The labels might look like:
User tokens -> -100
Assistant tokens -> actual token IDs
In PyTorch:
labels = input_ids.clone()
labels[user_part] = -100
The -100 value tells CrossEntropyLoss to ignore those positions.
This means the model is conditioned on the prompt, but it is only penalized based on how well it predicts the assistant’s response.
Backpropagation
Once the loss is computed:
loss
↓
backward()
↓
compute gradients
↓
optimizer.step()
↓
update weights
Every weight in the Transformer is adjusted slightly using gradient descent.
The actual PyTorch training loop
A simplified version looks like this:
for batch in dataloader:
outputs = model(
input_ids=batch["input_ids"],
labels=batch["labels"]
)
loss = outputs.loss
loss.backward()
optimizer.step()
optimizer.zero_grad()
Inside
outputs = model(...)
the Hugging Face model typically does something equivalent to:
logits = transformer(input_ids)
shift_logits = logits[:, :-1]
shift_labels = labels[:, 1:]
loss = F.cross_entropy(
shift_logits.reshape(-1, vocab_size),
shift_labels.reshape(-1),
ignore_index=-100
)
The labels are shifted by one position because the model predicts the next token.

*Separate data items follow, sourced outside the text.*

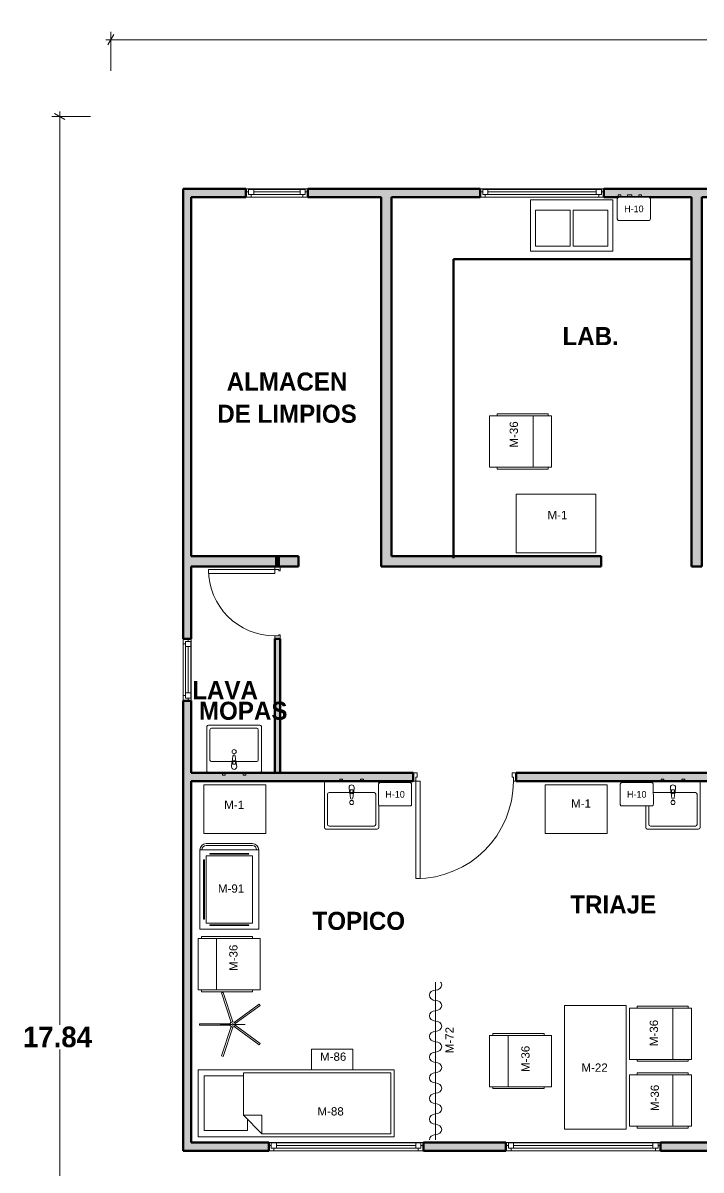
# Model space of a CAD drawing. Header units: metres. Extents: x 501.6 to 576.9, y -200.7 to -181.9.
# Drawn here: x 540.6 to 547.17, y -193.02 to -181.9 of the extents above; entities that cross this region are included whole.
import ezdxf
from ezdxf.enums import TextEntityAlignment as Align

# ---------------------------------------------------------------- set-up
doc = ezdxf.new("R2010")
doc.units = ezdxf.units.M
doc.header["$MEASUREMENT"] = 0
doc.set_wipeout_variables(frame=1)
doc.linetypes.add('Wipeout_Contour', pattern=[1, 0, -1])
for name, color, linetype, lineweight in [('ACA _ Sentido de Ceramicos_Pluma_Nº__1', 7, 'Continuous', 70), ('ARQ _ Cota - Parcial Exterior.Consultorio_Pluma_Nº__15', 214, 'Continuous', 25), ('ARQ _ Cota - Parcial Exterior.Consultorio_Pluma_Nº__43', 5, 'Continuous', 0), ('Dibujo & Figuras_Pluma_Nº__15', 214, 'Continuous', 25), ('Puertas ArchiCAD_Pluma_Nº__2', 8, 'Continuous', 0), ('Puertas ArchiCAD_Pluma_Nº__23', 5, 'Continuous', 9), ('Puertas ArchiCAD_Pluma_Nº__27', 7, 'Continuous', 70), ('Puertas ArchiCAD_Pluma_Nº__3', 5, 'Continuous', 15), ('Structural - Bearing_Pluma_Nº__27', 7, 'Continuous', 70)]:
    doc.layers.add(name, color=color, linetype=linetype, lineweight=lineweight)
for name, color, linetype in [('ARQ _ Cota - Parcial Exterior.Consultorio', 7, 'Continuous'), ('CER _ Estructura Metalica Tubo de FE LAC  21_2_X1_16_.Cerco', 7, 'Continuous'), ('EQP _ Accesorios de Baños .Consultorio', 7, 'Continuous'), ('Puertas ArchiCAD', 7, 'Continuous'), ('Structural - Bearing', 7, 'Continuous')]:
    doc.layers.add(name, color=color, linetype=linetype)
for name, color, linetype, lineweight, true_color in [('ARQ _ Cota - Parcial Exterior.Consultorio_Pluma_Nº__106', 171, 'Continuous', 15, 0xaaaaff), ('CER _ Estructura Metalica Tubo de FE LAC  21_2_X1_16_.Cerco_Pluma_Nº__75', 7, 'Continuous', 20, 0x405cbf), ('EQP _ Accesorios de Baños .Consultorio_Pluma_Nº__86', 7, 'Continuous', 20, 0x5555ff), ('EQUIPAMIENTO_Pluma_Nº__111', 7, 'Continuous', 15, 0xccccff), ('EQUIPAMIENTO_Pluma_Nº__91', 171, 'Continuous', 13, 0xaaaaff), ('Interior - Furniture _Pluma_Nº__91', 171, 'Continuous', 13, 0xaaaaff), ('Structural - Bearing_Pluma_Nº__106', 171, 'Continuous', 15, 0xaaaaff), ('Structural - Bearing_Pluma_Nº__113', 7, 'Continuous', 15, 0xdede87), ('Ventanas ArchiCAD_Pluma_Nº__63', 7, 'Continuous', 20, 0xff9955)]:
    doc.layers.add(name, color=color, linetype=linetype, lineweight=lineweight, true_color=true_color)
doc.layers.add('PDF2_Text', color=7, linetype='Continuous', true_color=0xff0080)
doc.styles.add('Estilo_Generado_2', font='GOTHICB.TTF')
doc.styles.add('Estilo_Generado_3', font='GOTHIC.TTF')
doc.styles.add('PDF Arial', font='arial.ttf')
doc.dimstyles.new('Estilo_Generado__1', dxfattribs={"dimtxt": 0.2, "dimasz": 0.076, "dimexe": 0.18, "dimexo": 0.3, "dimgap": 0.09, "dimtad": 0, "dimtih": 1, "dimtoh": 1, "dimzin": 0, "dimdsep": 46, "dimtxsty": 'Estilo_Generado_2', "dimblk": 'ARROWHEAD_2', "dimblk1": 'ARROWHEAD_2', "dimblk2": 'ARROWHEAD_2', "dimcen": 0.09, "dimclrd": 171, "dimclre": 171, "dimclrt": 214, "dimazin": 0, "dimtfac": 1, "dimtdec": 4, "dimtmove": 0, "dimatfit": 3, "dimfxl": 1, "dimtolj": 1, "dimtzin": 0, "dimarcsym": 0})

# ---------------------------------------------------------------- blocks, each defined once
blk = doc.blocks.new('Cabinet Base 2D 16')
at = {"layer": 'EQUIPAMIENTO_Pluma_Nº__111', "color": 254, "linetype": 'Continuous', "lineweight": 15, "true_color": 0xccccff}
for p, q in [((0, 0.601), (1.846, 0.601)), ((0.513, 0.621), (0.486, 0.621)), ((0.486, 0.621), (0.486, 0.601)), ((0.486, 0.601), (0.513, 0.601)), ((0.513, 0.601), (0.513, 0.621)), ((0.621, 0.621), (0.579, 0.621)), ((0.579, 0.621), (0.579, 0.601)), ((0.579, 0.601), (0.621, 0.601)), ((0.621, 0.601), (0.621, 0.621)), ((0.713, 0.621), (0.686, 0.621)), ((0.686, 0.621), (0.686, 0.601)), ((0.686, 0.601), (0.713, 0.601)), ((0.713, 0.601), (0.713, 0.621)), ((1.563, 0.575), (0.763, 0.575)), ((0.763, 0.575), (0.763, 0.075)), ((1.563, 0.075), (1.563, 0.575)), ((1.148, 0.475), (0.813, 0.475)), ((0.813, 0.475), (0.813, 0.125)), ((1.148, 0.125), (1.148, 0.475)), ((1.513, 0.475), (1.178, 0.475)), ((1.178, 0.475), (1.178, 0.125)), ((1.513, 0.125), (1.513, 0.475)), ((0.813, 0.125), (1.148, 0.125)), ((1.178, 0.125), (1.513, 0.125)), ((0, 0), (1.846, 0)), ((0.763, 0.075), (1.563, 0.075))]:
    blk.add_line(p, q, dxfattribs=at)
blk = doc.blocks.new('Window 16')
at = {"layer": 'Ventanas ArchiCAD_Pluma_Nº__63', "color": 21, "linetype": 'Continuous', "lineweight": 20, "true_color": 0xff9955}
for p, q in [((-0.3, 0), (0.3, 0)), ((-0.25, 0), (-0.3, 0)), ((-0.3, 0), (-0.3, -0.05)), ((-0.25, -0.025), (-0.25, 0)), ((0.25, 0), (-0.25, 0)), ((0.3, 0), (0.25, 0)), ((0.25, 0), (0.25, -0.025)), ((0.3, 0), (0.3, -0.05)), ((-0.3, -0.05), (-0.275, -0.05)), ((-0.3, -0.08), (0.3, -0.08)), ((-0.275, -0.05), (-0.275, -0.025)), ((-0.275, -0.025), (-0.25, -0.025)), ((-0.225, -0.025), (-0.275, -0.025)), ((-0.275, -0.025), (-0.275, -0.075)), ((-0.275, -0.075), (-0.225, -0.075)), ((-0.225, -0.025), (0.225, -0.025)), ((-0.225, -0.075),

How Hugging Face hides the complexity
When you write:
outputs = model(
input_ids=input_ids,
labels=labels
)
the model automatically:
- Runs the forward pass through the Transformer.
- Shifts logits and labels for next-token prediction.
- Computes the cross-entropy loss.
- Applies
ignore_index=-100to masked positions. - Returns both the
lossand thelogits.
This is why an SFT training script can look deceptively simple.
Overall pipeline
Instruction dataset
│
▼
Tokenizer
│
▼
Token IDs
│
▼
Transformer forward pass
│
▼
Logits
│
▼
Shift by one token
│
▼
Cross-entropy loss
│
▼
Backpropagation
│
▼
AdamW optimizer
│
▼
Updated model weights
In summary, SFT is fundamentally the same next-token prediction objective used during pretraining, but applied to high-quality instruction-following examples. The key differences are the data (instruction-response pairs instead of raw text) and the common practice of masking the prompt so that only the assistant’s response contributes to the training loss.